I've got a 95 Craftsman GT 6000 with a 46" deck. The center spindle is shot (bearings literally melted) and I need to replace the entire mandrel assembly. Went to searspartsdirect site and the replacement part is supposed to have 4 bolts but the mandrel I pulled off the deck only has three.

Anybody familiar with a 46" craftsman deck that only has the 3-bolt mandrel? I'm trying to find the right replacement part but now that the part Sears recommends for my mower is the wrong one, I'm not sure what to do.


----------



## pogobill (Jan 31, 2012)

Hello "the professor",
First off, I think we need a model number for your tractor, ie: 917.258692. Then we could probably help you out.
The only mandrels I can find for a craftsman 46" deck are part number 137152. I can't find a 4 bolt mandrel for a craftsman of that size!?!
Cheers
Bill


----------



## the professor (Sep 16, 2010)

Sorry, the model number is 917.250510 and the part Sears recommneded was Part #187292 which is the 4-bolt system.


----------



## pogobill (Jan 31, 2012)

http://www.searspartsdirect.com/par...10035615/00009?blt=06&prst=0&shdMod=917250510

Sorry, but this is the best I can do. It shows the mandrel as 137152!?!

I looked up that part number, 187292, and it is a mandrel... probably a 4 bolt... but it's says it's for a 54" deck.


----------



## the professor (Sep 16, 2010)

Yeah, that is the same search result I got. If you notice, that is a 4-bolt mandrel as well. The one on my deck is more triangular and has 3 bolts. There is a mandrel that looks a lot like mine that is for the 42" deck. I might just pick one up and try it. There is an after-market for only $25 and that is for the complete mandrel assembly, not just the mandrel housing.

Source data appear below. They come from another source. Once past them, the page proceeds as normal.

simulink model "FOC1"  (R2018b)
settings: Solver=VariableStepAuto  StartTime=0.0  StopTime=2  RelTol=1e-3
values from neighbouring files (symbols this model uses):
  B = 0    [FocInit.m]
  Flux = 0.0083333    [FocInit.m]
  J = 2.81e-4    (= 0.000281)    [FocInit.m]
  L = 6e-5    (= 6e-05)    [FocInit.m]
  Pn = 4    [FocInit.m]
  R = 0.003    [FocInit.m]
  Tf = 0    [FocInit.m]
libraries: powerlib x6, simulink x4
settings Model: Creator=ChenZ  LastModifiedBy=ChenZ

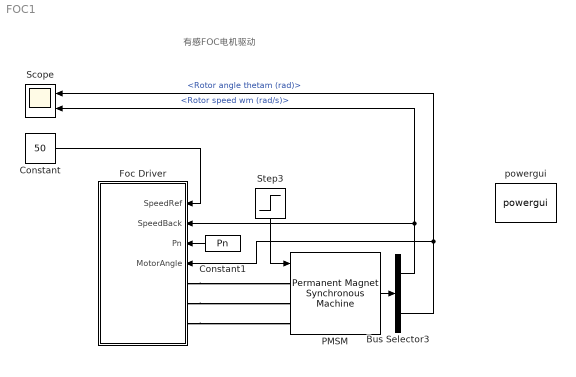
== system FOC1 ==
  note: 有感FOC电机驱动
  Bus Selector3 : BusSelector  OutputSignals=Rotor speed wm (rad/s),Rotor angle thetam (rad)
  Constant : Constant  Value=50
  Constant1 : Constant  Value=Pn
  Foc Driver : Subsystem
  "PMSM " : powerlib/Machines/Permanent Magnet Synchronous Machine  NbPhases=3  FluxDistribution=Sinusoidal  RotorType=Round  MechanicalLoad=Torque Tm  PresetModel=No  ShowDetailedParameters=on  MeasurementBus=off  Resistance=R  Inductance=8.5e-3  dqInductances=[8.5e-3, 8.5e-3]  La=L  MachineConstant=Torque Constant (N.m / A_peak)  Flux=0.0083333  VoltageCst=6.046  TorqueCst=T  Flat=120  Mechanical=[J,B,Pn,Tf]  PolePairs=4  InitialConditions=[0,0, 0,0]  InitialConditions5ph=[0 0 0 0 0 0]  TsPowergui=0  TsBlock=-1  RefAngle=Aligned with phase A axis (original Park)
      settings: SourceProductName=Simscape Power Systems
  Scope : Scope  NumInputPorts=2
  Step3 : Step  Time=0  After=0  SampleTime=0
  powergui : powerlib/powergui  Priority=1  SimulationMode=Discrete  SampleTime=0.000001  frequency=60  Iterations=50  frequencyindice=0  Pbase=100e6  ErrMax=1e-4  UnitsV=kV  UnitsW=MW  buscounter=0  FunctionMessages=off  echomessages=off  EnableUseOfTLC=off  CurrentSourceSwitches=off  DisableSnubberDevices=off  DisableRonSwitches=off  DisableVfSwitches=off  DisplayEquations=off  SolverType=Tustin/Backward Euler (TBE)  Interpol=off  ExternalGateDelay=off  methode=off  Ts=100  x0status=blocks  SPID=off  SwTol=0  HookPort=off  RestoreLinks=warning  ResistiveCurrentMeasurement=off  Frange=[0:2:500]  Ylog=off  Xlog=on  ShowGrid=off  save=off  variable=ZData  structure=0  ZoomFFT=off  StartTime=0.0  cycles=1  DisplayStyle=1  fundamental=60  FreqAxis=off  MaxFrequency=1000  frequencyindicesteady=1  RmsSteady=1  display=off
  wires:
  Bus Selector3/1 -> Scope/2, Foc Driver/2(SpeedBack)  "<Rotor speed wm (rad/s)>"
  Constant/1 -> Foc Driver/1(SpeedRef)
  Bus Selector3/2 -> Scope/1, Foc Driver/4(MotorAngle)  "<Rotor angle thetam (rad)>"
  "PMSM "/1 -> Bus Selector3/1
  Step3/1 -> "PMSM "/1
  Constant1/1 -> Foc Driver/3("Pn ")
  connections:
  Foc Driver/LConn2 -- "PMSM "/LConn2
  Foc Driver/LConn1 -- "PMSM "/LConn1
  Foc Driver/LConn3 -- "PMSM "/LConn3

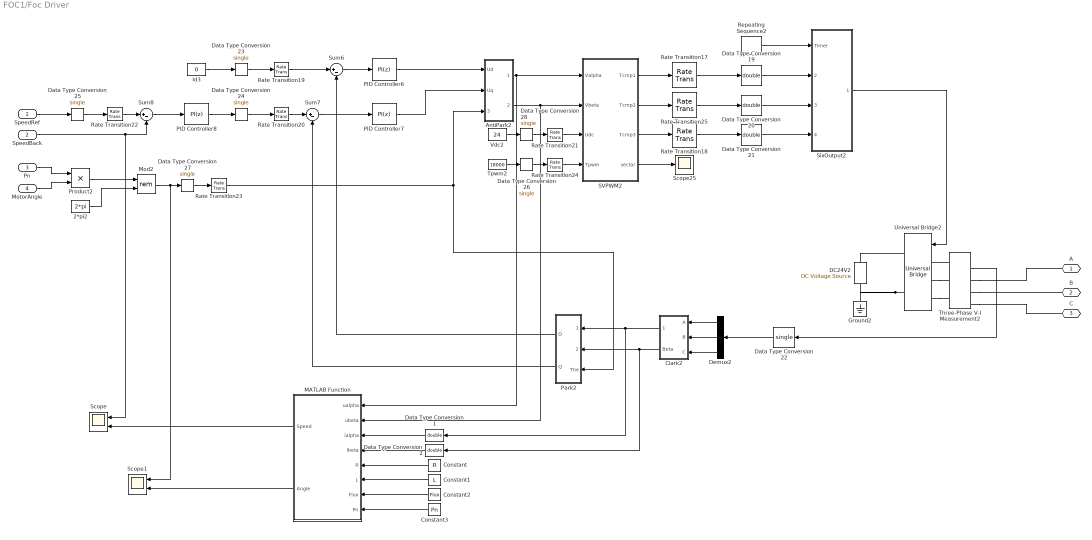
== system FOC1/Foc Driver ==
  SpeedRef : Inport
  SpeedBack : Inport  Port=2
  "Pn " : Inport  Port=3
  MotorAngle : Inport  Port=4
  2*pi2 : Constant  Value=2*pi
  AntiPark2 : Subsystem
  Clark2 : Subsystem
  Constant : Constant  Value=R
  Constant1 : Constant  Value=L
  Constant2 : Constant  Value=Flux
  Constant3 : Constant  Value=Pn
  DC24V2 : powerlib/Electrical Sources/DC Voltage Source  Amplitude=24  Measurements=None
  Data Type Conversion{1..2,19..21} (5 alike) : DataTypeConversion  OutDataTypeStr=double
  Data Type Conversion{22..28} (7 alike) : DataTypeConversion  OutDataTypeStr=single
  Demux2 : Demux  Outputs=3
  Ground2 : powerlib/Elements/Ground  LConnTagsString=a
  Id3 : Constant  Value=0
  MATLAB Function : MATLAB Function  TreatAsAtomicUnit=on
  Mod2 : Math  Operator=rem  SaturateOnIntegerOverflow=on
  PID Controller6 : simulink/Continuous/PID Controller  Controller=PI  Form=Parallel  TimeDomain=Discrete-time  SampleTime=-1  IntegratorMethod=Forward Euler  FilterMethod=Forward Euler  ControllerParametersSource=internal  P=0.2  I=100  D=0  UseFilter=on  N=100  TunerSelectOption=Transfer Function Based (PID Tuner App)  InitialConditionSource=internal  InitialConditionForIntegrator=0  InitialConditionForFilter=0  DifferentiatorICPrevScaledInput=0  ExternalReset=none  TrackingMode=off  Kt=1  LimitOutput=off  UpperSaturationLimit=inf  LowerSaturationLimit=-inf  LinearizeAsGain=on  AntiWindupMode=none  Kb=1  POutMin=[]  POutMax=[]  IOutMin=[]  IOutMax=[]  DOutMin=[]  DOutMax=[]  NOutMin=[]  NOutMax=[]  SumOutMin=[]  SumOutMax=[]  SaturationOutMin=[]  SaturationOutMax=[]  PParamMin=[]  PParamMax=[]  IParamMin=[]  IParamMax=[]  DParamMin=[]  DParamMax=[]  NParamMin=[]  NParamMax=[]  KbParamMin=[]  KbParamMax=[]  KtParamMin=[]  KtParamMax=[]  KbOutMin=[]  KbOutMax=[]  KtOutMin=[]  KtOutMax=[]  IntegratorOutMin=[]  IntegratorOutMax=[]  FilterOutMin=[]  FilterOutMax=[]  SumI1OutMin=[]  SumI1OutMax=[]  SumI2OutMin=[]  SumI2OutMax=[]  SumI3OutMin=[]  SumI3OutMax=[]  SumI4OutMin=[]  SumI4OutMax=[]  SumDOutMin=[]  SumDOutMax=[]  DifferentiatorOutMin=[]  DifferentiatorOutMax=[]  FilterDiffOutCoefMin=[]  FilterDiffOutCoefMax=[]  ReciprocalOutMin=[]  ReciprocalOutMax=[]  SumDenOutMin=[]  SumDenOutMax=[]  SumNumOutMin=[]  SumNumOutMax=[]  DivideOutMin=[]  DivideOutMax=[]  IntegratorContinuousStateAttributes=''  IntegratorStateMustResolveToSignalObject=off  IntegratorRTWStateStorageClass=Auto  FilterContinuousStateAttributes=''  FilterStateMustResolveToSignalObject=off  FilterRTWStateStorageClass=Auto  ParallelPVariant=InternalParameters  IdealPVariant=Disabled  IVariant=InternalParameters  DVariant=Disabled  IntegratorVariant=Discrete  SatVariant=Disabled  AWVariant=Passthrough  PCopyVariant=Disabled  TRVariant=Disabled  FdbkBlocksVariant=Forward  IdealPFdbkVariant=Disabled  SatFdbkVariant=Disabled  DerivativeFilterVariant=Disabled  NVariant=Disabled  NCopyVariant=Disabled_SignalSpec  FilterICVariant=Disabled  IntegratorICVariant=InternalICs  ExternalResetVariant=Disabled  TRSumVariant=Passthrough  SumFdbkVariant=Disabled  SumVariant=Sum_PI
  PID Controller7 : simulink/Continuous/PID Controller  Controller=PI  Form=Parallel  TimeDomain=Discrete-time  SampleTime=-1  IntegratorMethod=Forward Euler  FilterMethod=Forward Euler  ControllerParametersSource=internal  P=0.2  I=100  D=0  UseFilter=on  N=100  TunerSelectOption=Transfer Function Based (PID Tuner App)  InitialConditionSource=internal  InitialConditionForIntegrator=0  InitialConditionForFilter=0  DifferentiatorICPrevScaledInput=0  ExternalReset=none  TrackingMode=off  Kt=1  LimitOutput=off  UpperSaturationLimit=inf  LowerSaturationLimit=-inf  LinearizeAsGain=on  AntiWindupMode=none  Kb=1  POutMin=[]  POutMax=[]  IOutMin=[]  IOutMax=[]  DOutMin=[]  DOutMax=[]  NOutMin=[]  NOutMax=[]  SumOutMin=[]  SumOutMax=[]  SaturationOutMin=[]  SaturationOutMax=[]  PParamMin=[]  PParamMax=[]  IParamMin=[]  IParamMax=[]  DParamMin=[]  DParamMax=[]  NParamMin=[]  NParamMax=[]  KbParamMin=[]  KbParamMax=[]  KtParamMin=[]  KtParamMax=[]  KbOutMin=[]  KbOutMax=[]  KtOutMin=[]  KtOutMax=[]  IntegratorOutMin=[]  IntegratorOutMax=[]  FilterOutMin=[]  FilterOutMax=[]  SumI1OutMin=[]  SumI1OutMax=[]  SumI2OutMin=[]  SumI2OutMax=[]  SumI3OutMin=[]  SumI3OutMax=[]  SumI4OutMin=[]  SumI4OutMax=[]  SumDOutMin=[]  SumDOutMax=[]  DifferentiatorOutMin=[]  DifferentiatorOutMax=[]  FilterDiffOutCoefMin=[]  FilterDiffOutCoefMax=[]  ReciprocalOutMin=[]  ReciprocalOutMax=[]  SumDenOutMin=[]  SumDenOutMax=[]  SumNumOutMin=[]  SumNumOutMax=[]  DivideOutMin=[]  DivideOutMax=[]  IntegratorContinuousStateAttributes=''  IntegratorStateMustResolveToSignalObject=off  IntegratorRTWStateStorageClass=Auto  FilterContinuousStateAttributes=''  FilterStateMustResolveToSignalObject=off  FilterRTWStateStorageClass=Auto  ParallelPVariant=InternalParameters  IdealPVariant=Disabled  IVariant=InternalParameters  DVariant=Disabled  IntegratorVariant=Discrete  SatVariant=Disabled  AWVariant=Passthrough  PCopyVariant=Disabled  TRVariant=Disabled  FdbkBlocksVariant=Forward  IdealPFdbkVariant=Disabled  SatFdbkVariant=Disabled  DerivativeFilterVariant=Disabled  NVariant=Disabled  NCopyVariant=Disabled_SignalSpec  FilterICVariant=Disabled  IntegratorICVariant=InternalICs  ExternalResetVariant=Disabled  TRSumVariant=Passthrough  SumFdbkVariant=Disabled  SumVariant=Sum_PI
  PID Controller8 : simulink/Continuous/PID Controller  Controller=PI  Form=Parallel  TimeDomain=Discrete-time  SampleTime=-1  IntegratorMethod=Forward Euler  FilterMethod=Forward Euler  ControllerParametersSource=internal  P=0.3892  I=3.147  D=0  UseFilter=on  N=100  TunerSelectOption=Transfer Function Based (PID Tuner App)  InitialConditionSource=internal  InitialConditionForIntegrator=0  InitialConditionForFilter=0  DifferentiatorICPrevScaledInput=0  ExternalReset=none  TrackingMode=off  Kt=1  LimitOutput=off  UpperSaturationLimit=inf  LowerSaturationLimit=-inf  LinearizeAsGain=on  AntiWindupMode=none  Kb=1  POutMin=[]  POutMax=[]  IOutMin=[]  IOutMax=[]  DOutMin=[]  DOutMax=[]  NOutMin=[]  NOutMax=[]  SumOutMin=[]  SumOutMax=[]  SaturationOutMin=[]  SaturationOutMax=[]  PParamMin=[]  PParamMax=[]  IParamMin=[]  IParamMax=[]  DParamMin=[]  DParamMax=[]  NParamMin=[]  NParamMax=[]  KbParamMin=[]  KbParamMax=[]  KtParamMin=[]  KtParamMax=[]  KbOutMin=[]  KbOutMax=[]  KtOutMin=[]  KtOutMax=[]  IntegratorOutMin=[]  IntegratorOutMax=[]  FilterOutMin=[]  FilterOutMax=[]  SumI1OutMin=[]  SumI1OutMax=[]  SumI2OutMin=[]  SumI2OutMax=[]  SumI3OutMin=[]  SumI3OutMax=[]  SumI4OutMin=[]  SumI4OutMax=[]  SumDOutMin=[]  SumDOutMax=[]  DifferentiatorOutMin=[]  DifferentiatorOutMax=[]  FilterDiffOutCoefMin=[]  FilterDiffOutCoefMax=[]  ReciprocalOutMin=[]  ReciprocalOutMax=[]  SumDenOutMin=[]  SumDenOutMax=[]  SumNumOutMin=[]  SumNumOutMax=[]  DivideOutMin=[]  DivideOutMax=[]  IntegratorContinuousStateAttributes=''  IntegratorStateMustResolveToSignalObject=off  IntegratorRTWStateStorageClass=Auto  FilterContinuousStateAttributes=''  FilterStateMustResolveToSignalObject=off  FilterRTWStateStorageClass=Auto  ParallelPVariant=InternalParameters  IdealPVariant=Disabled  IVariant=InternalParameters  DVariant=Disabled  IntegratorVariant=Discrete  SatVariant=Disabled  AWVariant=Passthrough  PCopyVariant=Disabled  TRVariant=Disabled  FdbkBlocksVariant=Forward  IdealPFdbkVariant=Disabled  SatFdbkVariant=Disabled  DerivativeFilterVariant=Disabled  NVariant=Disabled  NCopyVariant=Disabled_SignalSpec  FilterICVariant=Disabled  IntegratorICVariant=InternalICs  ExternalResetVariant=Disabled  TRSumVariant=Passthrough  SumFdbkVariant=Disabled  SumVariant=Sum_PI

I was hoping someone on the forum might have a 46" deck from around the same time period that could tell me how many bolts theirs has. I am beginning to wonder if the person I bought the mower from may have swapped out the deck. How can I tell if the deck is the original?


----------



## Fredneck (May 25, 2012)

i've got a craftsman (cough*murray*cough) that's from 90 or 91. it's got a 46" deck, but, unfortunately, it uses _five_ bolt mandrels.

that's a good question about knowing if the deck is original. i wish i had an answer for u on that.


----------